Whitchurch Rugby Club's Dance 1952

Whitchurch Golf Club was established in July 1914.

Whitchurch Rugby Club, known as 'Whitchurch Warriors', was established in 1892 or a few years earlier. Home games are played in Hailey Park in neighbouring Llandaff North. The club runs several teams for men, women, girls and boys. The men's first team play in Division 3, East-central C, of the WRU National Leagues.
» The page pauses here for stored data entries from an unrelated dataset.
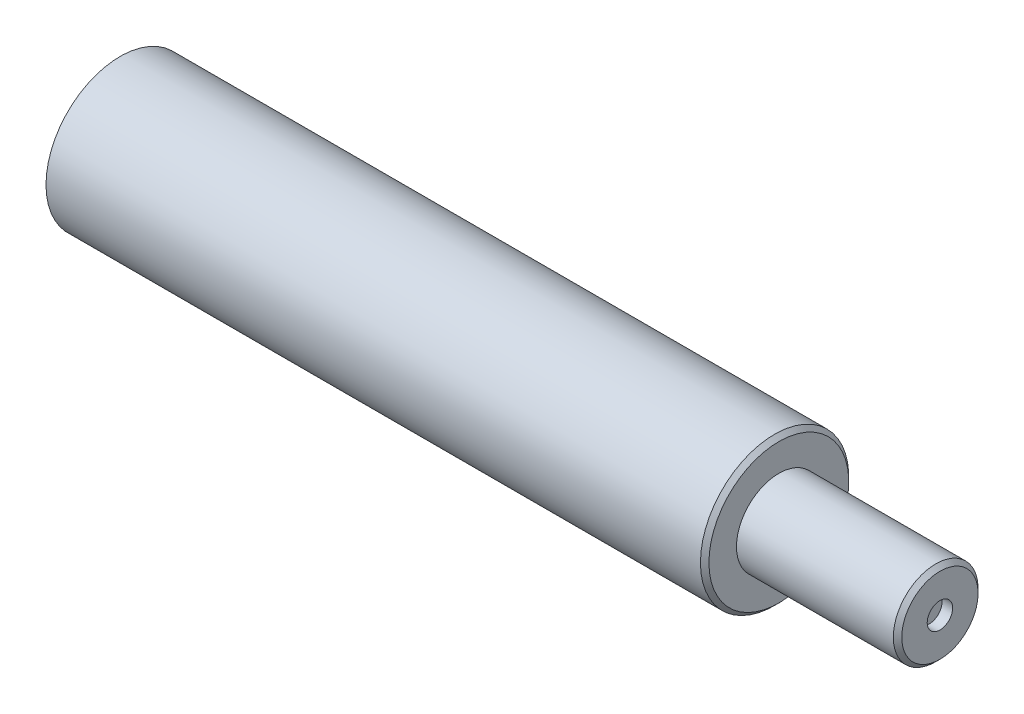
from build123d import *

# Parameters (mm, degrees)
CHAMFER1_SIZE      = 1
SKETCH2_R          = 2.5
CUT_EXTRUDE1_DEPTH = 27


with BuildPart() as part:
    # Sketch1 → Revolve1 (revolve)
    with BuildSketch(Plane.XY, mode=Mode.PRIVATE) as revolve1_sk:
        Polygon((190.9, 0), (190.9, 3), (193.4, 3), (193.4, 10), (155.4, 10), (155.4, 17.5), (0, 17.5), (0, 0), align=None)
    revolve(revolve1_sk.sketch.rotate(Axis((0, 0, 0), (1, 0, 0)), 90), axis=Axis((0, 0, 0), (1, 0, 0)))

    # Chamfer1
    chamfer1_edges = [part.edges().sort_by_distance(p)[0] for p in [
        (193.4, 0, -10),
        (155.4, 0, -17.5),
    ]]
    chamfer(chamfer1_edges, length=CHAMFER1_SIZE)

    # Sketch2 → Cut-Extrude1 (cut)
    with BuildSketch(Plane.ZY):
        with Locations((-7, 7)):
            Circle(SKETCH2_R)
        with Locations(Location((7, 7, 0), (0, 0, 180))):
            Circle(SKETCH2_R)
        with Locations((7, -7)):
            Circle(SKETCH2_R)
        with Locations(Location((-7, -7, 0), (0, 0, 180))):
            Circle(SKETCH2_R)
    extrude(amount=-CUT_EXTRUDE1_DEPTH, mode=Mode.SUBTRACT)


solid = part.part
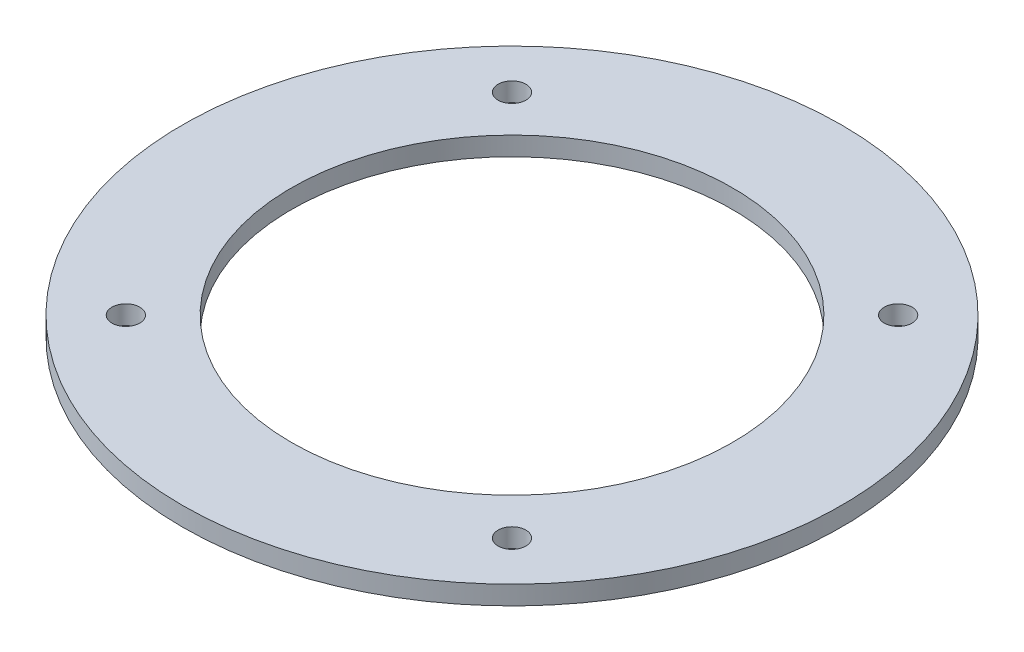
from build123d import *

# Parameters (mm, degrees)
SKETCH1_R           = 35
SKETCH1_R_2         = 23.425
SKETCH1_R_3         = 1.475
BOSS_EXTRUDE1_DEPTH = 1


with BuildPart() as part:
    # Sketch1 → Boss-Extrude1 (new, symmetric)
    with BuildSketch(Plane(origin=(0, 0, 0), x_dir=(1, 0, 0), z_dir=(0, 1, 0))):
        with Locations(Location((0, 0, 0), (0, 0, 270))):
            Circle(SKETCH1_R)
        with Locations(Location((0, 0, 0), (0, 0, 270))):
            Circle(SKETCH1_R_2, mode=Mode.SUBTRACT)
        with Locations(Location((-20.505, 20.505, 0), (0, 0, 270))):
            Circle(SKETCH1_R_3, mode=Mode.SUBTRACT)
        with Locations(Location((20.505, 20.505, 0), (0, 0, 90))):
            Circle(SKETCH1_R_3, mode=Mode.SUBTRACT)
        with Locations(Location((20.505, -20.505, 0), (0, 0, 270))):
            Circle(SKETCH1_R_3, mode=Mode.SUBTRACT)
        with Locations(Location((-20.505, -20.505, 0), (0, 0, 90))):
            Circle(SKETCH1_R_3, mode=Mode.SUBTRACT)
    extrude(amount=BOSS_EXTRUDE1_DEPTH, both=True)


solid = part.part
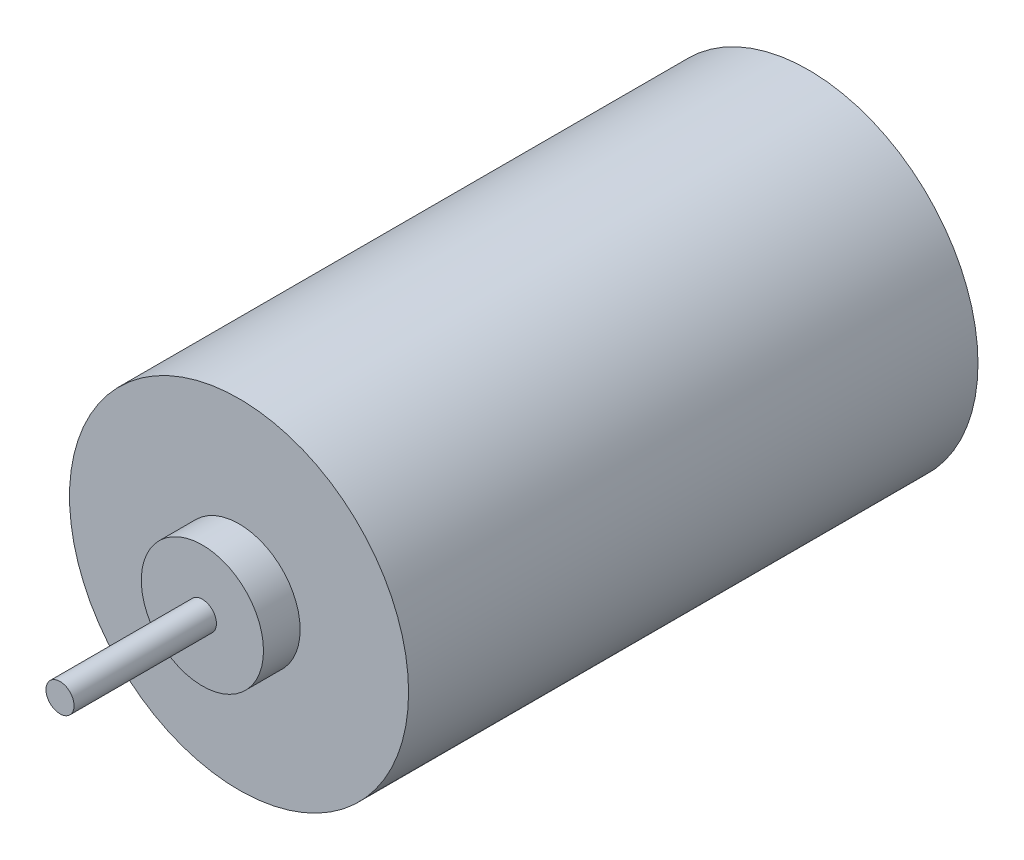
from build123d import *

# Parameters (mm, degrees)
SKETCH1_R           = 13.875
BOSS_EXTRUDE1_DEPTH = 46.6
SKETCH2_R           = 5
BOSS_EXTRUDE2_DEPTH = 3
SKETCH3_R           = 1.15
BOSS_EXTRUDE3_DEPTH = 11.65


with BuildPart() as part:
    # Sketch1 → Boss-Extrude1 (new body)
    with BuildSketch(Plane.XY):
        Circle(SKETCH1_R)
    extrude(amount=BOSS_EXTRUDE1_DEPTH)

    # Sketch2 → Boss-Extrude2 (add)
    with BuildSketch(Plane.XY.offset(46.6)):
        Circle(SKETCH2_R)
    extrude(amount=BOSS_EXTRUDE2_DEPTH)

    # Sketch3 → Boss-Extrude3 (add)
    with BuildSketch(Plane.XY.offset(49.6)):
        Circle(SKETCH3_R)
    extrude(amount=BOSS_EXTRUDE3_DEPTH)


solid = part.part
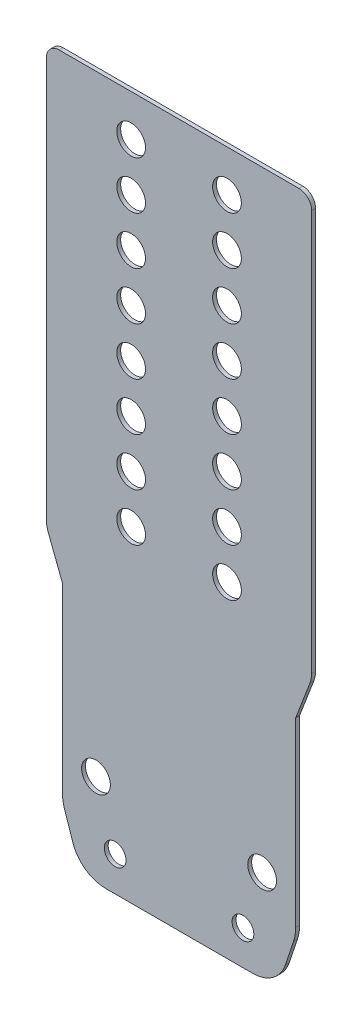
from build123d import *

# Parameters (mm, degrees)
BOSS_EXTRUDE1_DEPTH = 0.6096
SKETCH3_R           = 1.7
SKETCH3_R_2         = 2.25
CUT_EXTRUDE1_DEPTH  = 116.89918728
SKETCH5_R           = 2.25
CUT_EXTRUDE2_DEPTH  = 116.89918728
LPATTERN1_COUNT     = 7
LPATTERN1_PITCH     = 7.5
BOSS_EXTRUDE2_START = -0.6096
BOSS_EXTRUDE2_DEPTH = 0.6096


with BuildPart() as part:
    # Sketch2 → Boss-Extrude1 (new body)
    with BuildSketch(Plane.XY):
        with BuildLine():
            Line((34.883504, 3.686554855), (36.164103759, 7.513864099))
            ThreePointArc((36.164103759, 7.513864099), (36.415476383, 8.531517689), (36.5, 9.576344365))
            Line((36.5, 9.576344365), (36.5, 108))
            ThreePointArc((36.5, 108), (35.914213562, 109.414213562), (34.5, 110))
            Line((34.5, 110), (2, 110))
            ThreePointArc((2, 110), (0.585786438, 109.414213562), (0, 108))
            Line((0, 108), (0, 9.576344365))
            ThreePointArc((0, 9.576344365), (0.084523617, 8.531517689), (0.335896241, 7.513864099))
            Line((0.335896241, 7.513864099), (1.616496, 3.686554855))
            ThreePointArc((1.616496, 3.686554855), (3.582495544, 1.017500497), (6.737443738, 0))
            Line((6.737443738, 0), (29.762556262, 0))
            ThreePointArc((29.762556262, 0), (32.917504456, 1.017500497), (34.883504, 3.686554855))
        make_face()
    extrude(amount=BOSS_EXTRUDE1_DEPTH)

    # Sketch3 → Cut-Extrude1 (cut, through all)
    with BuildSketch(Plane.XY.offset(0.6096)):
        with Locations((8.25, 5.4)):
            Circle(SKETCH3_R)
        with Locations((5.25, 14.4)):
            Circle(SKETCH3_R_2)
        with Locations((10.75, 103.5)):
            Circle(SKETCH3_R_2)
        with Locations(Location((28.25, 5.4, 0), (0, 0, 180))):
            Circle(SKETCH3_R)
        with Locations(Location((31.25, 14.4, 0), (0, 0, 180))):
            Circle(SKETCH3_R_2)
        with Locations(Location((25.75, 103.5, 0), (0, 0, 180))):
            Circle(SKETCH3_R_2)
    extrude(amount=-CUT_EXTRUDE1_DEPTH, mode=Mode.SUBTRACT)

    # Sketch5 → Cut-Extrude2 (cut, through all)
    with BuildSketch(Plane.XY.offset(0.6096)):
        with Locations((10.75, 96)):
            Circle(SKETCH5_R)
        with Locations((25.75, 96)):
            Circle(SKETCH5_R)
    cut_extrude2 = extrude(amount=-CUT_EXTRUDE2_DEPTH, mode=Mode.SUBTRACT)

    # LPattern1: Cut-Extrude2 ×7
    with Locations(*[(0, -i * LPATTERN1_PITCH, 0) for i in range(1, LPATTERN1_COUNT)]):
        add(cut_extrude2, mode=Mode.SUBTRACT)

    # Sketch7 → Boss-Extrude2 (add)
    with BuildSketch(Plane.XY.offset(0.6096).offset(BOSS_EXTRUDE2_START)):
        with BuildLine():
            ThreePointArc((0, 108), (0.585786438, 109.414213562), (2, 110))
            Line((2, 110), (-0.5, 110))
            ThreePointArc((-0.5, 110), (-1.914213562, 109.414213562), (-2.5, 108))
            Line((-2.5, 108), (-2.5, 45.242710622))
            ThreePointArc((-2.5, 45.242710622), (-2.432780804, 44.512481103), (-2.233382425, 43.806794305))
            Line((-2.233382425, 43.806794305), (0, 38))
            Line((0, 38), (0, 108))
        make_face()
        with BuildLine():
            Line((36.5, 108), (36.5, 38))
            Line((36.5, 38), (38.733382425, 43.806794305))
            ThreePointArc((38.733382425, 43.806794305), (38.932780804, 44.512481103), (39, 45.242710622))
            Line((39, 45.242710622), (39, 108))
            ThreePointArc((39, 108), (38.414213562, 109.414213562), (37, 110))
            Line((37, 110), (34.5, 110))
            ThreePointArc((34.5, 110), (35.914213562, 109.414213562), (36.5, 108))
        make_face()
    extrude(amount=BOSS_EXTRUDE2_DEPTH)


solid = part.part
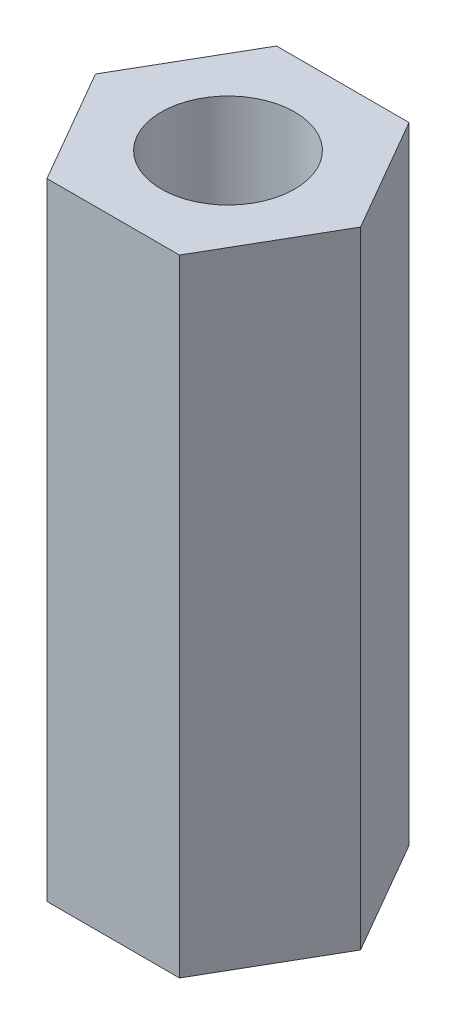
from build123d import *

# Parameters (mm, degrees)
EXTRUDE_1_DEPTH     = 15
SKETCH_2_R          = 1.6
CUT_EXTRUDE_1_DEPTH = 15


with BuildPart() as part:
    # 草图1 → 凸台-拉伸1 (new body)
    with BuildSketch(Plane(origin=(0, 0, 0), x_dir=(1, 0, 0), z_dir=(0, 1, 0))):
        Polygon((3.175426481, 0), (1.58771324, 2.75), (-1.58771324, 2.75), (-3.175426481, 0), (-1.58771324, -2.75), (1.58771324, -2.75), align=None)
    extrude(amount=EXTRUDE_1_DEPTH)

    # 草图2 → 切除-拉伸1 (cut)
    with BuildSketch(Plane.XZ):
        with Locations(Location((0, 0, 0), (0, 0, 270))):
            Circle(SKETCH_2_R)
    extrude(amount=-CUT_EXTRUDE_1_DEPTH, mode=Mode.SUBTRACT)


solid = part.part

Whitchurch High School has produced three international sporting champions: British Lions rugby captain, Sam Warburton; Champions League winning footballer, Gareth Bale; Tour de France winning cyclist, Geraint Thomas.

==Transport==
Whitchurch lies between two urban rail lines on the Valley Lines network. The Merthyr Line runs through neighbouring Llandaff North stopping at Llandaf railway station, near Whitchurch. Trains run between the Cardiff Valleys and the Vale of Glamorgan via Cardiff city centre. Whitchurch (Cardiff) railway station is located on the Coryton Line where trains run between Coryton and Radyr via the city centre.

Cardiff Bus services 21, 23, 24, 25 and 35 run through parts of Whitchurch to Cardiff city centre.

The A470 road runs through the east of Whitchurch towards Merthyr Tydfil and North Wales.